Chow has outlined a number of transit plans that specifically address Toronto students. “I will invest in bus services to help get students to York [University] faster. I’ll invest in track signal renovations to make Line 1 run more efficiently for Ryerson [University], University of Toronto, and OCAD [University] students. And I am the only candidate with a plan to provide a dedicated above-ground rail stop for the 12,000 full-time and 28,000 part-time students at Centennial College,” Chow said.
Chow also hopes to streamline the process for obtaining a student TTC pass. “I will give campuses the ability to sell all fare media and print TTC Post-Secondary Student IDs. Rather than having to go to Sherbourne station, you’ll be able to get your ID on campus,” she said.
Chow has also promised to expand Toronto’s cycling infrastructure, planning to build 200 kilometres of new bike lanes across the city. “Whether by foot, by car, by transit, or by bike — I support making it easier for you to get where you want to,” Chow stated.
Tory echoed the importance of bicycle lane expansion. “Toronto’s cycling infrastructure needs a boost. The number of cyclists in the city has grown, but infrastructure has not kept pace,” he said.
Tory’s expansion plan consists of a network of separated bike lanes in the city. “I support the Adelaide and Richmond pilot project to get a better understanding of how additional bike lanes changes [sic] to the flow of traffic,” Tory added.
Many of Toronto’s post-secondary institutions are located downtown, which Tory said poses a problem to students who have to balance affordable living with accessibility to their place of study. “SmartTrack will connect Toronto’s many surrounding areas to the city’s center, thereby making our city more functional and affordable for students,” Tory said of his transit plan.
According to Tory, his SmartTrack transit plan is a surface subway that utilizes existing GO Transit tracks. It includes 22 stations, spans 53 kilometers, and is designed to be completed in seven years.
“SmartTrack will be built on 90 per cent existing track, and provide all day, two-way, rapid-transit service across the city, not just the downtown, ” he said.
Basil Southey, a first-year student, also called on candidates to address the issue of affordable housing.
Covenant House, Canada’s largest homeless youth agency, estimates that there are at least 10,000 homeless youth in Toronto during any given year. Estimates also peg the mortality rate of homeless youth at up to 40 times the mortality rate of housed youth.
“Transit and affordable housing are the two most important factors to look at to give youth a chance to live and work in Toronto,” Southey said.
Emily Tsui, president of the Association of Political Science Students, expressed concern with the various transit promises of the candidates. “Even if the political will is there, funding concerns need to be further addressed in a more direct and realistic manner,” Tsui said.
Tsui also expressed concern with the ability of candidates to deal with what she called the “political stagnation of city council,” which she said has let “gridlock and commute times accumulate over the years.”

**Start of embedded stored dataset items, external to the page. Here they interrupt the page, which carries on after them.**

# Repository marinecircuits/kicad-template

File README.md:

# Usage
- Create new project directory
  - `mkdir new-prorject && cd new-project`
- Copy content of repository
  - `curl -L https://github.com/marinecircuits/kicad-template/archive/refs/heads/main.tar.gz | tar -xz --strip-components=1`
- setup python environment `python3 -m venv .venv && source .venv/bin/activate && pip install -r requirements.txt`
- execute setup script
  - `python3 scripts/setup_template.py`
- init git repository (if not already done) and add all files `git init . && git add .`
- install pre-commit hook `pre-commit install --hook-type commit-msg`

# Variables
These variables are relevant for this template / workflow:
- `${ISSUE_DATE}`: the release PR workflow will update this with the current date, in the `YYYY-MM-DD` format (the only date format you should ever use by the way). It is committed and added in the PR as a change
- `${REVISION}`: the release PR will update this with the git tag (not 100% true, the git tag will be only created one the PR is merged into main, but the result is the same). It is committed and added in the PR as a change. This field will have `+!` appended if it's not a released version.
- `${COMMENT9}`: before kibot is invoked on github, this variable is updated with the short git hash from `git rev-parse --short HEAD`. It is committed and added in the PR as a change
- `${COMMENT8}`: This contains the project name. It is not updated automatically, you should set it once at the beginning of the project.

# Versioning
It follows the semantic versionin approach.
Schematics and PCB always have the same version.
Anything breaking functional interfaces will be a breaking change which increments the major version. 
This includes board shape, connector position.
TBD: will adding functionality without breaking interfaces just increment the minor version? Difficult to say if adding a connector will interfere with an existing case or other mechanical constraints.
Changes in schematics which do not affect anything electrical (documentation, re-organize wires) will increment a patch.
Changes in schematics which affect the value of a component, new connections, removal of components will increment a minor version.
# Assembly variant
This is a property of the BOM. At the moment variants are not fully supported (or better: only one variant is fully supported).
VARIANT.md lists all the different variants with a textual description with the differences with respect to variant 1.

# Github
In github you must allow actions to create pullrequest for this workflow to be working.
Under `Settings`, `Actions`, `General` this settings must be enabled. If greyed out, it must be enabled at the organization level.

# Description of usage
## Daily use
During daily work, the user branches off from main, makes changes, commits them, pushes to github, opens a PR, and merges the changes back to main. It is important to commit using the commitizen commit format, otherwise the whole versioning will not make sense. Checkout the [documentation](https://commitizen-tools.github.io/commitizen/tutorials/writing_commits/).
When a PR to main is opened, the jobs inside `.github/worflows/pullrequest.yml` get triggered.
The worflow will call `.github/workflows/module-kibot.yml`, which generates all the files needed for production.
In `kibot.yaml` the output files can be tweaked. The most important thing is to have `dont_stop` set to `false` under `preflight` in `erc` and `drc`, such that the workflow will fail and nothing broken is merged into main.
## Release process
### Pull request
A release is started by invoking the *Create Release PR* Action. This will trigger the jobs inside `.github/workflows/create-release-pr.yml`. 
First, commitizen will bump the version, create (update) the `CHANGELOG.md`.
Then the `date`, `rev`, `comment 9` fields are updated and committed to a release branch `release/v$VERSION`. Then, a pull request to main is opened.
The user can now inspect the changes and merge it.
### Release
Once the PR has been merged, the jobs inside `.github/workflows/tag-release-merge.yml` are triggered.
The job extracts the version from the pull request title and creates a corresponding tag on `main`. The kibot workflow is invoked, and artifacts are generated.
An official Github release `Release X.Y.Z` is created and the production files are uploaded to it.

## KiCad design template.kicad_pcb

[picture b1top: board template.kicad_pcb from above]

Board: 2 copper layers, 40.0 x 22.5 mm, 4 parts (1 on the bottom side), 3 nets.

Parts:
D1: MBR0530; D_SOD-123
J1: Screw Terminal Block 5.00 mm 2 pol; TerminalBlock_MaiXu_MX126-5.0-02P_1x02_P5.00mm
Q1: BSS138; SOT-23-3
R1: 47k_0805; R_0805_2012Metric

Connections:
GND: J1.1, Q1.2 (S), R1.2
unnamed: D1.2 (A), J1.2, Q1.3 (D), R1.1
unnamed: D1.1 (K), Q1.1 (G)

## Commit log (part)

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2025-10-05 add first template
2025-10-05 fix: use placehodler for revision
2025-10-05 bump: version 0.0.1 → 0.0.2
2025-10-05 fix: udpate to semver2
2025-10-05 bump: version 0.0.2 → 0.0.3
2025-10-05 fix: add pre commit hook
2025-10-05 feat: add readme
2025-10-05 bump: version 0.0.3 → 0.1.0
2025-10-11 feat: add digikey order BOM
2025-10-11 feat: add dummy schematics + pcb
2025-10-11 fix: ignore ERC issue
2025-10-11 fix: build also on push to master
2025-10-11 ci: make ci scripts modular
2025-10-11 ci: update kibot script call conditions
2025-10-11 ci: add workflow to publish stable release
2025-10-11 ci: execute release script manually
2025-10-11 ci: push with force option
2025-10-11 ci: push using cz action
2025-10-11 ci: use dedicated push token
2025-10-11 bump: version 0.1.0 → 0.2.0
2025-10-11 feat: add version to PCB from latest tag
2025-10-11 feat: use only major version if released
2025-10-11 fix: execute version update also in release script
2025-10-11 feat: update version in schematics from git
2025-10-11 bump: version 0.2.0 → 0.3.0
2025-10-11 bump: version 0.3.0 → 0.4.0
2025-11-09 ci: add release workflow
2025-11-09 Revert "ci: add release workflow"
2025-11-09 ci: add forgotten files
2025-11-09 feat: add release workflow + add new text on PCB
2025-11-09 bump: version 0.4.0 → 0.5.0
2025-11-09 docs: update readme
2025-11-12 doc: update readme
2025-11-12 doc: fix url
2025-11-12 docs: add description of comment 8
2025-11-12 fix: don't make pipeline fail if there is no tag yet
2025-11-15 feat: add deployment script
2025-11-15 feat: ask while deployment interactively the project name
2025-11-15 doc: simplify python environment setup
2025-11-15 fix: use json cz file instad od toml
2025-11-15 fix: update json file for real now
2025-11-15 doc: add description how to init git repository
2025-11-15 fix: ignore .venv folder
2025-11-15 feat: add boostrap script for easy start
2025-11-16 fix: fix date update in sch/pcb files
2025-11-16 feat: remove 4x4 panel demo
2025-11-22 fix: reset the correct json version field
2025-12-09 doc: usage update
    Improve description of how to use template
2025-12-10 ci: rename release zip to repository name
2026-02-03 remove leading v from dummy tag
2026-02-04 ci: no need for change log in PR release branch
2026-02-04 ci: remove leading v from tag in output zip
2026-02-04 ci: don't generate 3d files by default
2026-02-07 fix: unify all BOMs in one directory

However, Tsui was optimistic about the impact the election could have on voter engagement in Toronto. “Rob Ford’s term in office has undoubtedly prompted political opinions from individuals who previously did not have one, and those who had not seen a reason to be involved with politics are now getting involved. If anything, I think there is hope that the voter turnout will increase, and new and upcoming voters will be excited from this election to continue their engagement with democracy,” she added.
Bhatia said she was unsure whether the increased interest in the election would affect youth voters. “I find that with youth, there is often less tendency to vote, or more jaded behavior despite how active and engaged we are in the communities we belong to — whether that be campus clubs [or] colleges,” Bhatia said, adding: “It’s important to note that — despite your thoughts or indifference or belief towards the democratic system — that your vote is your voice.”
The municipal election is scheduled for October 27.